Our gardens are looking very green with plants following their inevitable course as sap rises and days lengthen. Birds begin singing in the early hours, guarding territory and calling for a mate, and the occasional fat bumble bee and butterfly are encouraged from their hiding places by the warming sun.A small bed I renovated a couple of months ago has become a minifeature in our garden this monthIt surrounds an auricula theatre my dad made and now the potted inhabitants of the shelves have come into flower this shady spot is looking its best.

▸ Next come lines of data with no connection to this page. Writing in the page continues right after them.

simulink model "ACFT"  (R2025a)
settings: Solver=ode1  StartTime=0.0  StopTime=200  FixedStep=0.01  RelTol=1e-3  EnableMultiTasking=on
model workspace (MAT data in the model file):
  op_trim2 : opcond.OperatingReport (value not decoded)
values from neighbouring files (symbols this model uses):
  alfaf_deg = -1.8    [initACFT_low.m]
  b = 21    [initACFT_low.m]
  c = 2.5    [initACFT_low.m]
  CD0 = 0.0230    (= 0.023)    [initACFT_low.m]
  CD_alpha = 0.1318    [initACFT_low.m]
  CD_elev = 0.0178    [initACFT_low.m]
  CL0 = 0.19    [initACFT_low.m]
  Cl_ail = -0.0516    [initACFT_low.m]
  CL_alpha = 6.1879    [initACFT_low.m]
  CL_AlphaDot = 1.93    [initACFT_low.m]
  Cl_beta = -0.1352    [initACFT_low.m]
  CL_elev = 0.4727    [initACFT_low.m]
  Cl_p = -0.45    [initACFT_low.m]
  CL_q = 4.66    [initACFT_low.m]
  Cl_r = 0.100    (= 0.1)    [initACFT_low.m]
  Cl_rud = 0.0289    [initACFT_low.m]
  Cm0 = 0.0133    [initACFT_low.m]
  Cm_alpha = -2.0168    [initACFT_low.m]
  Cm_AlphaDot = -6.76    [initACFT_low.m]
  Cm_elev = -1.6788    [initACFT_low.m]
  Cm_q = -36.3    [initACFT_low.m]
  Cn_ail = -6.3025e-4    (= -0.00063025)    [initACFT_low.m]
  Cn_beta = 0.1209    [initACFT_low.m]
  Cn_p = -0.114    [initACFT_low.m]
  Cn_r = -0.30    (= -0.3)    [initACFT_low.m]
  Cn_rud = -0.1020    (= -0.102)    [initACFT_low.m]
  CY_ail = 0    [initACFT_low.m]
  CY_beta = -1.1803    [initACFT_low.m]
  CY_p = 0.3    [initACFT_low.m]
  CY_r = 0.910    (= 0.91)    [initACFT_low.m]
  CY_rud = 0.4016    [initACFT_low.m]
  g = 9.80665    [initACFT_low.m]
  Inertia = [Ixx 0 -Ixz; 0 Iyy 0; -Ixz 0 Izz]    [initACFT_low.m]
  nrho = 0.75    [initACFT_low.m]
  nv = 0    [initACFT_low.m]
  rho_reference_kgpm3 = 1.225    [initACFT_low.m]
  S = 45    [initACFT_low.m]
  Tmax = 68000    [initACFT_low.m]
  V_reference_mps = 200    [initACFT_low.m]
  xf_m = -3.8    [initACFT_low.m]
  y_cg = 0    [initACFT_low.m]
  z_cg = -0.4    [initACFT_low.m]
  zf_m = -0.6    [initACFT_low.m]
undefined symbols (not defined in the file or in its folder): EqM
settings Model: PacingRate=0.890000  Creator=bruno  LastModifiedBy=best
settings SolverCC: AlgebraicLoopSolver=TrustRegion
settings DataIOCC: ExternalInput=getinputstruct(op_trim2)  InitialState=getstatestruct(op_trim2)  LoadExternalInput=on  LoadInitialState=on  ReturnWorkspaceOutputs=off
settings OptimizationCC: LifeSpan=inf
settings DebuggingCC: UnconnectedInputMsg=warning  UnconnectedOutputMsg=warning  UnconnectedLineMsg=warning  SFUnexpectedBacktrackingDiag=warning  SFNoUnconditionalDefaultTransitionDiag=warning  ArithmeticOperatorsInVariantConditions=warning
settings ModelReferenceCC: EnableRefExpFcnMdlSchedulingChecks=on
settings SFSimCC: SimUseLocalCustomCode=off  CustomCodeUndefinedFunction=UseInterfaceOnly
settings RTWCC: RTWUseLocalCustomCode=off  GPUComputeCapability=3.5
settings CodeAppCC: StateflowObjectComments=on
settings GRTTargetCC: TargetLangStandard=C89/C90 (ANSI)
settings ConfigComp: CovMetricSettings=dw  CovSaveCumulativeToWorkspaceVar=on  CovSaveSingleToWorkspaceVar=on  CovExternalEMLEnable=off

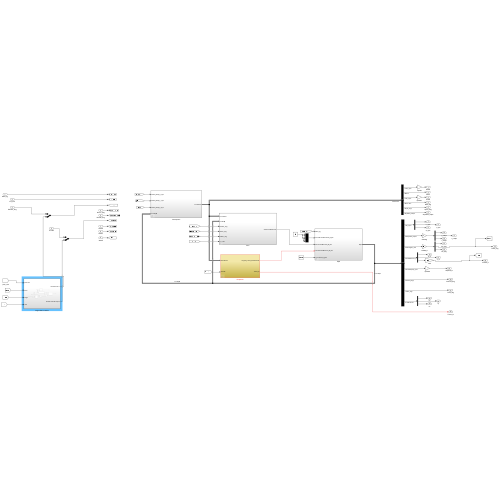
[thumbnail: Simulink's stored preview of the top-level diagram]
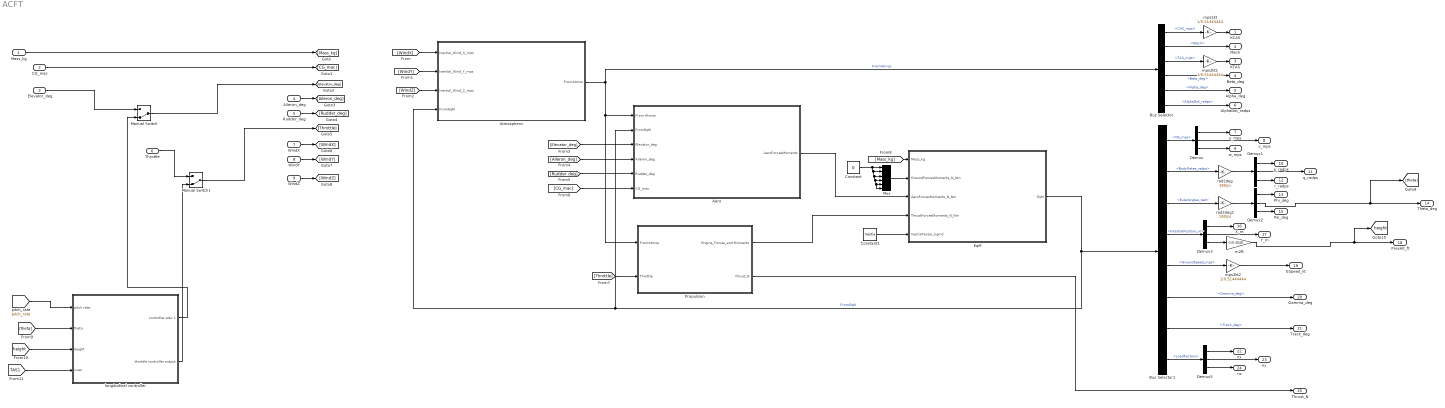
== system ACFT ==
  Mass_kg : Inport  OutDataTypeStr=double
  CG_mac : Inport  Port=2  OutDataTypeStr=double
  Elevator_deg : Inport  Port=3  OutDataTypeStr=double
  Aileron_deg : Inport  Port=4  OutDataTypeStr=double
  Rudder_deg : Inport  Port=5  OutDataTypeStr=double
  Throttle : Inport  Port=6  OutDataTypeStr=double
  WindX : Inport  Port=7  OutDataTypeStr=double
  WindY : Inport  Port=8  OutDataTypeStr=double
  WindZ : Inport  Port=9  OutDataTypeStr=double
  Aero : Subsystem  AncestorBlock=Aerodynamic/Aero
  Atmospheric : Subsystem  AncestorBlock=Atmospheric/Atmospheric
  Bus Selector : BusSelector  OutputSignals=CAS_mps,Mach,TAS_mps,Beta_deg,Alpha_deg,AlphaDot_radps
  Bus Selector1 : BusSelector  OutputSignals=VB_mps,BodyRates_radps,EulerAngles_rad,IntertialPosition_m,GroundSpeed_mps,Gamma_deg,Track_deg,LoadFactors
  Constant : Constant  Value=0  OutDataTypeStr=double
  Constant1 : Constant  Value=Inertia  OutDataTypeStr=double
  Demux{,1..3,5} (5 alike) : Demux  Outputs=3
  EqM : Subsystem  AncestorBlock=EqM/EqM
  Manual Switch : ManualSwitch  CurrentSetting=0
  Manual Switch1 : ManualSwitch  CurrentSetting=0
  Mux : Mux  Inputs=6
  Propulsion : Subsystem  AncestorBlock=Propulsion/Propulsion
  longitudinal controller : Subsystem
  m2ft : Gain  Gain=-1/0.3048
  mps2kt : Gain  Gain=1/0.51444444
  mps2kt1 : Gain  Gain=1/0.51444444
  mps2kt2 : Gain  Gain=1/0.51444444
  rad2deg : Gain  Gain=180/pi
  rad2deg1 : Gain  Gain=180/pi
  KCAS : Outport
  Mach : Outport  Port=2
  KTAS : Outport  Port=3
  Beta_deg : Outport  Port=4
  Alpha_deg : Outport  Port=5
  AlphaDot_radps : Outport  Port=6
  u_mps : Outport  Port=7
  v_mps : Outport  Port=8
  w_mps : Outport  Port=9
  p_radps : Outport  Port=10
  q_radps : Outport  Port=11
  r_radps : Outport  Port=12
  Phi_deg : Outport  Port=13
  Theta_deg : Outport  Port=14
  Psi_deg : Outport  Port=15
  X_m : Outport  Port=16
  Y_m : Outport  Port=17
  PresAlt_ft : Outport  Port=18
  GSpeed_kt : Outport  Port=19
  Gamma_deg : Outport  Port=20
  Track_deg : Outport  Port=21
  nx : Outport  Port=22
  ny : Outport  Port=23
  nz : Outport  Port=24
  Thrust_N : Outport  Port=25
  tag scope: height=global
  wires:
  Atmospheric/1(FromAtmos) -> Propulsion/1(FromAtmos), Aero/1(From Atmos), Bus Selector/1  "FromAtmos"
  Aero/1(AeroForcesMoments) -> EqM/3(AeroForcesMoments_N_Nm)
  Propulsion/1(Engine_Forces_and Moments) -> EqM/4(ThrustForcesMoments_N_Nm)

Around the feet of the auriculas grow dark-flowered hellebores, primulas, pulmonarias and euphorbias, recently joined by red, yellow and orange tulips. These bulbs are unexpected, the damp shade doesn’t seem the best spot and I can’t remember putting them in.

However, they have presented us with a perfect transitory moment.

Their colours pick out a tiny red dot in the dark-leafed euphorbia the stems of which echo the deep colour of the nearby hellebore.

In the vegetable garden ALTHOUGH there is so much happening in the flower beds the veg garden looks quite bare. The potatoes are in but hidden underground so at first glance there seems little to see in our patch.

However things are about to change with beetroot and radishes, peas and parsnips, spinach and chard all ready to be sown. I like to sow some vegetable seeds straight into the garden but always have a few sown in pots too as a backup.

Pigeons and mice are terrible seed robbers, we lost a whole crop of broad beans last year to a small thief.

This is our fourth summer of having a veg garden and things are slowly beginning to make sense.

Inexperience can make choice a problem, there are so many seeds and plants available and so much differing advice.

However, I now know that for us potatoes are an annual must as are broad beans, French beans and beetroot. Leafy veg favourites are chard and spinach.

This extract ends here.